C’est vrai que tout avait sacrément changé, et pas que dans l’aspect, même si c’était encore plus criant en cette période de l’année, censée être festive. Le phénomène de cavitation sociale de ces lieux de vie, entre paupérisation constante et gentrification brutale, au gré des politiques locales, représentait de véritables tremblements de terre pour les gens qui vivaient là depuis longtemps. Le choc pétrolier de 73, l’accélération des inégalités depuis le début de la décennie 80 secouaient dramatiquement les parigots-populos pur jus. Où étaient passés tous les ni riches ni pauvres, les « juste en dessous », les moins que rien ? D’un marché aux biffins, ici, qui brassaient clodos semi-volontaires, « originaux » et artistes post-bohèmes maudits ou cinglés, là, ce Paris était devenu un truc lugubre, sale, dangereux, camé, froid et impersonnel. Les nouveaux bourges étaient planqués derrière leurs digicodes et les sans le sou étaient... où, d’ailleurs ?

Dans la pénombre de la tanière de Pauchard, un café instantané infect sous le palais, Willy en apprit de bonnes. Pour commencer, trois nouveaux chiards avaient été récupérés. Ensuite, ces mêmes chiards étaient « des putains de monstres » du grand Hugues dans le texte – déformés et malades. Pour finir, tout ce cinéma ne datait pas d’hier.





Jab, crochet, uppercut.
Comment ce mec hirsute à la voix de crincrin savait tout ça ? Mystère et boule de gomme.
— Il ne t’a pas échappé, mon très cher Termite, que ces enfants sont, certes posés là comme des valises oubliées, mais qu’à chaque fois, celui ou celle qui les y dépose, s’arrange pour qu’ils soient trouvés. Et sauvés !
Tu vois juste.
Selon moi, ça recommence, les mauvaises herbes poussent une dernière fois au champ d’honneur avant de faner à tout jamais.

Lorsque Pauchard devenait lyrique et hermétique, mieux valait se barrer, la pleurniche puis la violence pointeraient respectivement leur museau à la fin de l’épisode. Et inutile de penser pouvoir le travailler au corps pour qu’il justifie ses dires ou donne ses sources, il crèverait plutôt que de balancer quoi que ce soit. Vu le bonhomme, Willy n’avait jamais eu aucune envie de savoir comment il trouvait ses infos ni au cours de quelles pérégrinations il avait pu les recouper. C’était bonnard comme ça.

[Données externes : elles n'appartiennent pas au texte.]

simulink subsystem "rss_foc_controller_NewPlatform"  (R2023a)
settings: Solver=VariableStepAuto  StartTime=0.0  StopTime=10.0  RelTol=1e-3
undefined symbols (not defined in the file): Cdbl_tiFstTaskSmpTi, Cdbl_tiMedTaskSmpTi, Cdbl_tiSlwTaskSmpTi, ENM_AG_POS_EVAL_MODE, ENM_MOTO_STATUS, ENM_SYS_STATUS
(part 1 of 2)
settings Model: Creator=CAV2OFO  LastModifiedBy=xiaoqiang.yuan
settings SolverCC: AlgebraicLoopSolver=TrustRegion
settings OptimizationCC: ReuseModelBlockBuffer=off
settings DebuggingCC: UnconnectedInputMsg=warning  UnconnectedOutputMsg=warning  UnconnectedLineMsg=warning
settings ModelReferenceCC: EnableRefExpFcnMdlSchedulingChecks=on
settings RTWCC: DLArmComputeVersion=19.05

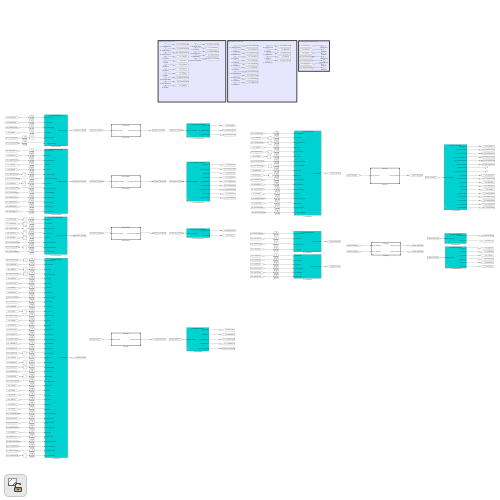
[thumbnail: Simulink's stored preview of the top-level diagram]
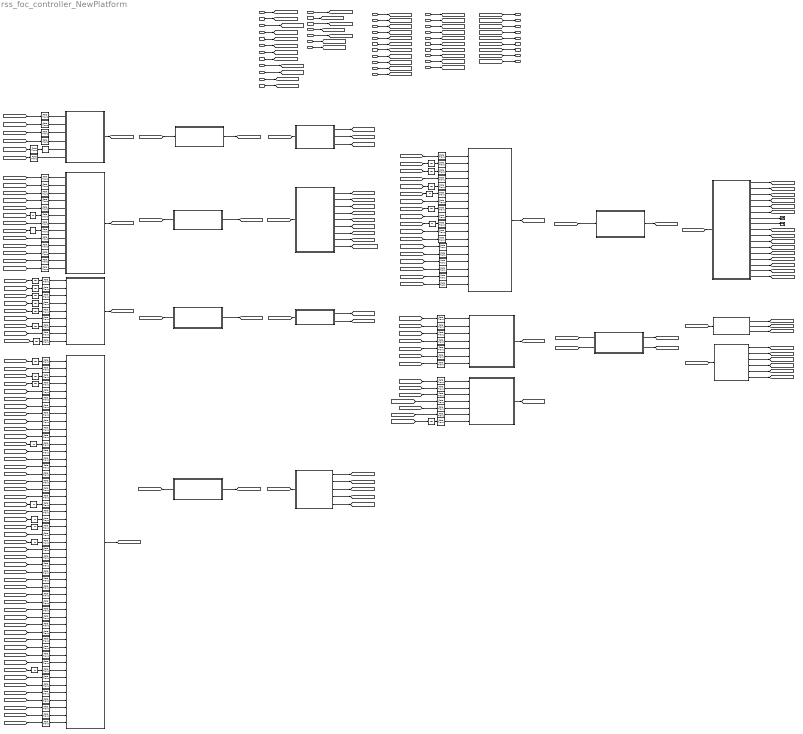
== system rss_foc_controller_NewPlatform ==
  note: Application software signals output
  note: Basic software signals input
  note: Communication signals input
  s16_nComRefMechSpd : Inport  OutDataTypeStr=dt_Standardize_s16p15b0
  u8_modeMCUOpMode : Inport  Port=2  OutDataTypeStr=uint8
  u16_ADSensActMechAg : Inport  Port=3  OutDataTypeStr=uint16
  u16_uADActPhCurr : Inport  Port=4  OutDataTypeStr=uint16
  u16_uADActPhCurrOfs : Inport  Port=5  OutDataTypeStr=uint16
  u8_numSectNum : Inport  Port=6  OutDataTypeStr=uint8
  u16_uADSplyVltg : Inport  Port=7  OutDataTypeStr=uint16
  u16_uADCtlBrdVltg : Inport  Port=8  OutDataTypeStr=uint16
  u16_uADGDVltg : Inport  Port=9  OutDataTypeStr=uint16
  bol_enPosSCDCalibEnFlg : Inport  Port=10  OutDataTypeStr=boolean
  u16_uADPwrTubTemp : Inport  Port=11  OutDataTypeStr=uint16
  u16_uADPCBTemp : Inport  Port=12  OutDataTypeStr=uint16
  u16_uADMotoTemp : Inport  Port=13  OutDataTypeStr=uint16
  u8_ctLossNoData : Inport  Port=14  OutDataTypeStr=uint8
  u8_ctComRolCnt : Inport  Port=15  OutDataTypeStr=uint8
  bol_flgHWOvrCurrFalt : Inport  Port=16  OutDataTypeStr=boolean
  bol_flgChipFalt : Inport  Port=17  OutDataTypeStr=boolean
  bol_flgPhiSensFalt : Inport  Port=18  OutDataTypeStr=boolean
  bol_enFaltInfoClrUDS14 : Inport  Port=19  OutDataTypeStr=boolean
  u16_vVehSpd : Inport  Port=20  OutDataTypeStr=fixdt(0,16,10^-2,0)
  u32_disOde : Inport  Port=21  OutDataTypeStr=fixdt(0,32,10^-1,0)
  u32_tiStamHi : Inport  Port=22  OutDataTypeStr=uint32
  u32_tiStamLo : Inport  Port=23  OutDataTypeStr=uint32
  u8_tOilTemp : Inport  Port=24  OutDataTypeStr=dt_Temp_u8p0bn40
  u8_psiOilFlow : Inport  Port=25  OutDataTypeStr=fixdt(0,8,5^-1,0)
  u8_psiUpLimOilFlow : Inport  Port=26  OutDataTypeStr=fixdt(0,8,5^-1,0)
  bol_flgBusOffFaltRaw : Inport  Port=27  OutDataTypeStr=boolean
  bol_flgFaltEnFlgUDS85 : Inport  Port=28  OutDataTypeStr=boolean
  bol_flgOvrTstCtlUDS2F : Inport  Port=29  OutDataTypeStr=boolean
  bol_flgWBSSt : Inport  Port=30  OutDataTypeStr=boolean
  bol_flgCRCFaltRaw : Inport  Port=31  OutDataTypeStr=boolean
  bol_flgMesgLngthFaltRaw : Inport  Port=32  OutDataTypeStr=boolean
  u8_FrzFrmSaveFlg : Inport  Port=33  OutDataTypeStr=uint8
  bol_flgSlepEn : Inport  Port=34  OutDataTypeStr=boolean
  bol_flgCrashFalt : Inport  Port=35  OutDataTypeStr=boolean
  bol_flgGDVltgHiLvl1 : Inport  Port=36  OutDataTypeStr=boolean
  bol_flgGDVltgLoLvl1 : Inport  Port=37  OutDataTypeStr=boolean
  u8_tMCUTemp : Inport  Port=38  OutDataTypeStr=dt_Temp_u8p0bn40
  u16_phiDvtSensElecAg : Inport  Port=39  OutDataTypeStr=dt_RadAng_u16r15b0
  bol_flgMosOpnCirFalt : Inport  Port=40  OutDataTypeStr=boolean
  ASW_AST : ModelReference  ModelNameDialog=ASW_AST.slx  SimulationMode=Normal  ModelReferenceVersion=6.236
  ASW_DcycGen : ModelReference  ModelNameDialog=ASW_DcycGen.slx  SimulationMode=Normal  ModelReferenceVersion=6.161
  ASW_OBD : ModelReference  ModelNameDialog=ASW_OBD.slx  SimulationMode=Normal  ModelReferenceVersion=6.308
  ASW_PhCurrGen : ModelReference  ModelNameDialog=ASW_PhCurrGen.slx  SimulationMode=Normal  ModelReferenceVersion=6.181
  ASW_PhVltgGen : ModelReference  ModelNameDialog=ASW_PhVltgGen.slx  SimulationMode=Normal  ModelReferenceVersion=6.211
  ASW_SigIn : ModelReference  ModelNameDialog=ASW_SigIn.slx  SimulationMode=Normal  ModelReferenceVersion=6.146
  Delay : Delay  DelayLength=1
  Delay1 : Delay  DelayLength=1
  Rate Transition{1,5..6,8,16,19,22,24..26,29..31,33,36,41,49,109} (18 alike) : RateTransition  Deterministic=off  OutPortSampleTime=round(double(Cdbl_tiMedTaskSmpTi),6)
  Rate Transition{2,9..10,14,48} (5 alike) : RateTransition  Deterministic=off  OutPortSampleTime=round(double(Cdbl_tiFstTaskSmpTi),8)
  Rate Transition100 : RateTransition  Deterministic=off  InitialCondition=ENM_AG_POS_EVAL_MODE.SENSORLESS  OutPortSampleTime=round(double(Cdbl_tiSlwTaskSmpTi),4)
  Rate Transition101 : RateTransition  Deterministic=off  InitialCondition=ENM_AG_POS_EVAL_MODE.SENSOR  OutPortSampleTime=round(double(Cdbl_tiSlwTaskSmpTi),4)
  Rate Transition{3..4,7,15,17..18,20..21,23,27..28,32,34..35,37..40,43..44,46..47,50..99,102..108} (79 alike) : RateTransition  Deterministic=off  OutPortSampleTime=round(double(Cdbl_tiSlwTaskSmpTi),4)
  Rate Transition11 : RateTransition  Deterministic=off  InitialCondition=ENM_MOTO_STATUS.OFF  OutPortSampleTime=round(double(Cdbl_tiFstTaskSmpTi),8)
  Rate Transition12 : RateTransition  Deterministic=off  InitialCondition=ENM_MOTO_STATUS.OFF  OutPortSampleTime=round(double(Cdbl_tiMedTaskSmpTi),6)
  Rate Transition13 : RateTransition  Deterministic=off  InitialCondition=ENM_AG_POS_EVAL_MODE.SENSORLESS  OutPortSampleTime=round(double(Cdbl_tiMedTaskSmpTi),6)
  Rate Transition42 : RateTransition  Deterministic=off  InitialCondition=ENM_MOTO_STATUS.OFF  OutPortSampleTime=round(double(Cdbl_tiSlwTaskSmpTi),4)
  Rate Transition45 : RateTransition  Deterministic=off  InitialCondition=ENM_MOTO_STATUS.OFF  OutPortSampleTime=round(double(Cdbl_tiSlwTaskSmpTi),4)
  Terminator11 : Terminator
  Terminator9 : Terminator
  Unit Delay : UnitDelay  InitialCondition=ENM_AG_POS_EVAL_MODE.SENSOR  SampleTime=-1  HasFrameUpgradeWarning=on
  Unit Delay{1..7,9..18,20..22} (20 alike) : UnitDelay  SampleTime=-1  HasFrameUpgradeWarning=on
  Unit Delay19 : UnitDelay  InitialCondition=ENM_MOTO_STATUS.OFF  SampleTime=-1  HasFrameUpgradeWarning=on
  Unit Delay32 : UnitDelay  InitialCondition=ENM_MOTO_STATUS.OFF  SampleTime=-1  HasFrameUpgradeWarning=on
  Unit Delay8 : UnitDelay  InitialCondition=ENM_SYS_STATUS.SYSINIT  SampleTime=-1  HasFrameUpgradeWarning=on
  sss_SigInSlwTaskIn : Subsystem  VariantControl=cstSenlCtrlLbl
  vrs_ASTSlwTaskIn : Subsystem  Variant=on  VariantControlMode=label  VariantControl=cstSenlCtrlLbl  LabelModeActiveChoice=cstHybrCtrlLbl
  vrs_ASTSlwTaskOut : Subsystem  Variant=on  VariantControlMode=label  VariantControl=Choice  LabelModeActiveChoice=cstHybrCtrlLbl
  vrs_DcycGenFstTaskIn : Subsystem  Variant=on  VariantControlMode=label  VariantControl=Choice  LabelModeActiveChoice=cstSensCtrlLbl
  vrs_DcycGenFstTaskOut : Subsystem  Variant=on  VariantControlMode=label  VariantControl=Choice  LabelModeActiveChoice=cstSensCtrlLbl
  vrs_OBDSlwTaskIn : Subsystem  Variant=on  VariantControlMode=label  VariantControl=cstSenlCtrlLbl  LabelModeActiveChoice=cstHybrCtrlLbl
  vrs_OBDSlwTaskOut : Subsystem  Variant=on  VariantControlMode=label  VariantControl=Choice  LabelModeActiveChoice=cstHybrCtrlLbl
  vrs_PhCurrGenSlwTaskIn : Subsystem  Variant=on  VariantControlMode=label  VariantControl=cstSenlCtrlLbl  LabelModeActiveChoice=cstHybrCtrlLbl
  vrs_PhCurrGenSlwTaskOut : Subsystem  Variant=on  VariantControlMode=label  VariantControl=Choice  LabelModeActiveChoice=cstSenlCtrlLbl
  vrs_PhVltgGenMedTaskIn : Subsystem  Variant=on  VariantControlMode=label  VariantControl=Choice  LabelModeActiveChoice=cstHybrCtrlLbl
  vrs_PhVltgGenMedTaskOut : Subsystem  Variant=on  VariantControlMode=label  VariantControl=Choice  LabelModeActiveChoice=cstHybrCtrlLbl
  vrs_SigInMedTaskIn : Subsystem  Variant=on  VariantControlMode=label  VariantControl=cstSenlCtrlLbl  LabelModeActiveChoice=cstSensCtrlLbl
  vrs_SigInMedTaskOut : Subsystem  Variant=on  VariantControlMode=label  VariantControl=Choice  LabelModeActiveChoice=cstSensCtrlLbl
  vrs_SigInSlwTaskOut : Subsystem  Variant=on  VariantControlMode=label  VariantControl=Choice  LabelModeActiveChoice=cstSenlCtrlLbl
  genXYZDutyCycl : Outport
  enmMotStas : Outport  Port=2
  enmSysStas : Outport  Port=3
  bolCalibSuccFlag : Outport  Port=4
  arSensErrMechAng : Outport  Port=5
  iEstSplyCurr : Outport  Port=6
  iActLineCurr : Outport  Port=7
  u16_phiSensElecAgDvt : Outport  Port=8
  s16_nActElecSpdComFlt : Outport  Port=9
  wires:
  u16_ADSensActMechAg/1 -> [u16_ADSensActMechAg]
  u16_uADActPhCurr/1 -> [u16_uADActPhCurr]
  u16_uADSplyVltg/1 -> [u16_uADSplyVltg]
  [u16_dcycPhDyc] -> genXYZDutyCycl/1
  s16_nComRefMechSpd/1 -> [s16_nComRefMechSpd]
  [s16_iEstSplyCurr] -> iEstSplyCurr/1
  [s16_ampActPhCurrAmp] -> iActLineCurr/1
  [u16_phiModulActElecAg] -> Unit Delay4/1
  [s16_nPredActElecSpd] -> Rate Transition14/1
  [u16_ampDycAmp] -> Rate Transition2/1
  [enm_stMotoSt] -> Rate Transition11/1
  [u16_phiDaxQaxVltgAg] -> Rate Transition10/1
  Rate Transition14/1 -> Delay1/1
  [s16_nActElecSpd] -> Unit Delay5/1
  [s16_nRefElecSpd] -> Unit Delay7/1
  [s16_trqRefTqLim] -> Unit Delay12/1
  [u16_dcycPhDyc] -> Delay/1
  Delay/1 -> Rate Transition31/1
  vrs_PhVltgGenMedTaskIn/1(busPhVltgGen_MedTaskIn) -> [busPhVltgGen_MedTaskIn]
  Rate Transition25/1 -> vrs_PhVltgGenMedTaskIn/1(s16_iRefDaxQaxCurr)
  Rate Transition26/1 -> vrs_PhVltgGenMedTaskIn/2(s16_iActPhCurr)
  Rate Transition1/1 -> vrs_PhVltgGenMedTaskIn/3(u16_phiSensActElecAg)
  Rate Transition6/1 -> vrs_PhVltgGenMedTaskIn/4(u16_uSplyVltg)
  Rate Transition12/1 -> vrs_PhVltgGenMedTaskIn/5(enm_stMotoSt)
  Rate Transition29/1 -> vrs_PhVltgGenMedTaskIn/6(u16_phiModulActElecAg)
  [busPhVltgGen_MedTaskOut] -> vrs_PhVltgGenMedTaskOut/1(busPhVltgGen_MedTaskOut)
  vrs_PhVltgGenMedTaskOut/2(u16_phiDaxQaxVltgAg) -> [u16_phiDaxQaxVltgAg]
  vrs_PhVltgGenMedTaskOut/3(u16_phiActElecAg) -> [u16_phiActElecAg]
  vrs_PhVltgGenMedTaskOut/1(u16_ampDycAmp) -> [u16_ampDycAmp]
  vrs_PhVltgGenMedTaskOut/4(s16_nActElecSpd) -> [s16_nActElecSpd]
  vrs_PhVltgGenMedTaskOut/7(s16_uModulDaxQaxVltg) -> [s16_uModulDaxQaxVltg]
  vrs_PhVltgGenMedTaskOut/5(s16_iActDaxQaxCurr) -> [s16_iActDaxQaxCurr]
  vrs_PhVltgGenMedTaskOut/6(s16_nPredActElecSpd) -> [s16_nPredActElecSpd]
  Rate Transition2/1 -> vrs_DcycGenFstTaskIn/1(u16_ampDycAmp)
  Rate Transition9/1 -> vrs_DcycGenFstTaskIn/2(u16_phiActElecAg)
  Rate Transition10/1 -> vrs_DcycGenFstTaskIn/3(u16_phiDaxQaxVltgAg)
  Rate Transition11/1 -> vrs_DcycGenFstTaskIn/4(enm_stMotoSt)
  Delay1/1 -> vrs_DcycGenFstTaskIn/5(s16_nPredActElecSpd)
  vrs_DcycGenFstTaskIn/1(busDcycGen_FstTaskIn) -> [busDcycGen_FstTaskIn]
  [busDcycGen_FstTaskOut] -> vrs_DcycGenFstTaskOut/1(busDcycGen_FstTaskOut)
  vrs_DcycGenFstTaskOut/1(u16_dcycPhDyc) -> [u16_dcycPhDyc]
  vrs_DcycGenFstTaskOut/2(u16_ampMaxNrmVltgAmp) -> [u16_ampMaxNrmVltgAmp]
  vrs_DcycGenFstTaskOut/3(u16_phiModulActElecAg) -> [u16_phiModulActElecAg]
  vrs_PhCurrGenSlwTaskOut/1(s16_iRefDaxQaxCurr) -> [s16_iRefDaxQaxCurr]
  bol_enPosSCDCalibEnFlg/1 -> [bol_enPosSCDCalibEnFlg]
  Unit Delay4/1 -> Rate Transition29/1
  Unit Delay5/1 -> Rate Transition18/1
  [s16_nRmpRefElecSpd] -> Unit Delay11/1
  [bol_enPosSCDCalibEnFlg] -> Rate Transition39/1
  [bol_flgShOffFlg] -> Unit Delay13/1
  vrs_PhCurrGenSlwTaskOut/2(enm_stMotoSt) -> [enm_stMotoSt]
  vrs_ASTSlwTaskOut/10(s16_nRmpRefElecSpd) -> [s16_nRmpRefElecSpd]
  vrs_ASTSlwTaskOut/3(s16_trqPosSCDCalibRefTq) -> [s16_trqPosSCDCalibRefTq]
  vrs_ASTSlwTaskOut/2(s16_ampActPhCurrAmp) -> [s16_ampActPhCurrAmp]
  vrs_ASTSlwTaskOut/6(u16_ADSensMechAgDvt) -> [u16_ADSensMechAgDvt]
  vrs_ASTSlwTaskOut/8(bol_flgPosSCDCalibPermFail) -> Terminator11/1
  vrs_ASTSlwTaskOut/9(s16_trqRefTqLim) -> [s16_trqRefTqLim]
  vrs_ASTSlwTaskOut/4(u16_phiPosSCDCalibElecAg) -> [u16_phiPosSCDCalibElecAg]
  vrs_ASTSlwTaskOut/5(bol_flgPosSCDCalibSucFlg) -> [bol_flgPosSCDCalibSucFlg]
  vrs_ASTSlwTaskOut/7(enm_stPosSCDCalibSt) -> Terminator9/1
  vrs_ASTSlwTaskOut/1(s16_iEstSplyCurr) -> [s16_iEstSplyCurr]
  [busPhCurrGen_SlwTaskOut] -> vrs_PhCurrGenSlwTaskOut/1(busMotoCtl_SlwTaskOut)
  ASW_AST/1 -> [busAST_SlwTaskOut]
  [busAST_SlwTaskIn] -> ASW_AST/1
  [busAST_SlwTaskOut] -> vrs_ASTSlwTaskOut/1(busAST_SlwTaskOut)
  [s16_iActDaxQaxCurr] -> Unit Delay9/1
  [s16_uModulDaxQaxVltg] -> Unit Delay10/1
  [s16_nComRefMechSpd] -> Rate Transition4/1
  [s16_nActElecSpd] -> Unit Delay6/1
  Unit Delay6/1 -> Rate Transition15/1
  Unit Delay9/1 -> Rate Transition40/1
  Unit Delay10/1 -> Rate Transition23/1
  Unit Delay11/1 -> Rate Transition20/1
  Unit Delay12/1 -> Rate Transition21/1
  [s16_nRmpRefElecSpd] -> Unit Delay3/1
  [busOBD_SlwTaskIn] -> ASW_OBD/1
  [enm_stMotoSt] -> Unit Delay19/1
  [s16_nActElecSpd] -> Rate Transition44/1
  [busOBD_SlwTaskOut] -> vrs_OBDSlwTaskOut/1(busOBD_SlwTaskOut)
  ASW_OBD/1 -> [busOBD_SlwTaskOut]
  vrs_SigInMedTaskOut/1(u16_phiSensActElecAg) -> [u16_phiSensActElecAg]
  ASW_SigIn/1 -> [busSigIn_MedTaskOut]
  [busSigIn_MedTaskOut] -> vrs_SigInMedTaskOut/1(busSigIn_MedTaskOut)
  [busSigIn_MedTaskIn] -> ASW_SigIn/1
  [u16_ADSensActMechAg] -> Rate Transition49/1
  vrs_ASTSlwTaskOut/11(bol_flgShOffFlg) -> [bol_flgShOffFlg]
  Unit Delay13/1 -> Rate Transition38/1
  [bol_enPosSCDCalibEnFlg] -> Rate Transition48/1
  [u16_phiSensActElecAg] -> Unit Delay15/1
  Unit Delay15/1 -> Rate Transition51/1
  Rate Transition36/1 -> vrs_PhVltgGenMedTaskIn/7(u16_phiPosSCDCalibElecAg)
  Rate Transition31/1 -> vrs_PhVltgGenMedTaskIn/8(u16_dcycPhDyc)
  Rate Transition41/1 -> vrs_PhVltgGenMedTaskIn/9(bol_enPosSCDCalibEnFlg)
  Rate Transition13/1 -> vrs_PhVltgGenMedTaskIn/10(enm_modeAgEvalMode)
  Rate Transition33/1 -> vrs_PhVltgGenMedTaskIn/11(s16_nRmpRefElecSpd)
  [s16_trqPosSCDCalibRefTq] -> Unit Delay16/1
  Unit Delay16/1 -> Rate Transition53/1
  vrs_ASTSlwTaskOut/12(s16_nRefElecSpd) -> [s16_nRefElecSpd]
  [enm_stMotoSt] -> Unit Delay32/1
  Unit Delay7/1 -> Rate Transition17/1
  u16_uADPwrTubTemp/1 -> [u16_uADPwrTubTemp]
  u16_uADPCBTemp/1 -> [u16_uADPCBTemp]
  u16_uADMotoTemp/1 -> [u16_uADMotoTemp]
  u8_ctLossNoData/1 -> [u8_ctLossNoData]
  u8_ctComRolCnt/1 -> [u8_ctComRolCnt]
  u8_modeMCUOpMode/1 -> [u8_modeMCUOpMode]
  [u16_uADActPhCurr] -> Rate Transition22/1
  [u16_uADPwrTubTemp] -> Rate Transition61/1
  [u16_uADPCBTemp] -> Rate Transition62/1
  [u16_uADMotoTemp] -> Rate Transition63/1
  Rate Transition61/1 -> sss_SigInSlwTaskIn/3(u16_uADPwrTubTemp)
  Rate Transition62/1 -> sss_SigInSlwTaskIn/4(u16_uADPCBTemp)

À tête reposée, sèche au bec, le Termite récapitula.

Près de trois semaines depuis le premier bébé. En considérant les éléments rapportés par Pauchard, chaque site sur lequel un orphelin fut trouvé communiquait avec une infrastructure plus importante. Trois parkings construits proches de la Seine, du métro, ou avec des accès directs aux égouts. Dans Paris, tout communique, c’est une ville gruyère construite sur une carrière de craie avec un réseau de catacombes et des vides sanitaires à donner le vertige ; assez de place pour vivoter en bande là-dessous, ça collait donc avec les insinuations du gardien nerveux. À proximité de la gare de l’Est, un bébé fut récupéré devant un local technique appartenant à la SNCF. Willy connaissait bien le coin pour avoir enquêter sur un réseau de partouzeurs sadomasos nommé La Membrane, il y a quelques années, se réunissant dans les souterrains de la zone, notamment un bunker datant de l’Occupation. Lors de la dernière livraison de gamins, un d’entre eux gisait près d’un vestige de fortification, aux portes de la capitale, contigu à des volumes de galeries techniques gigantesques creusées pour alimenter la ville en ressources énergétiques diverses.

Les enfants avaient pour point commun des anomalies visibles et un mauvais état de santé général. Une même cause ? Une provenance commune ?



Définitivement, le nez de Bhermitte jouait à la baguette de sourcier et piquait vers le bas. Quelque chose de convergent semblait caché sous les pieds de tous.
Pour l’homme de presse, pas d’autres choix que d’aller fouiner à nouveau sur le terrain, et même en dessous.

4 h du matin, dimanche. Verglas sur le sol et gel dans les naseaux. Armé de son rossignol et vêtu de sombre, Willy ouvrit une issue pénétrant dans le bloc de béton brut d’un des pylônes du boulevard périphérique. L’idée même de passer dans un endroit pareil avec un mioche qui n’a même pas encore ses dents de lait était moche, alors en profiter pour s’en débarrasser, c’était criminel. Derrière l’imposante porte rouillée : le noir. Fumet de pisse, feuilles mortes, moisissures et araignées. Cette lourde était cependant ouverte de temps à autre, ça se voyait à l’usure des gonds. Il pénétra l’obscurité non sans peur, mais avec la curiosité de celui dont la plume veut savoir, et ça prenait chaque fois le dessus.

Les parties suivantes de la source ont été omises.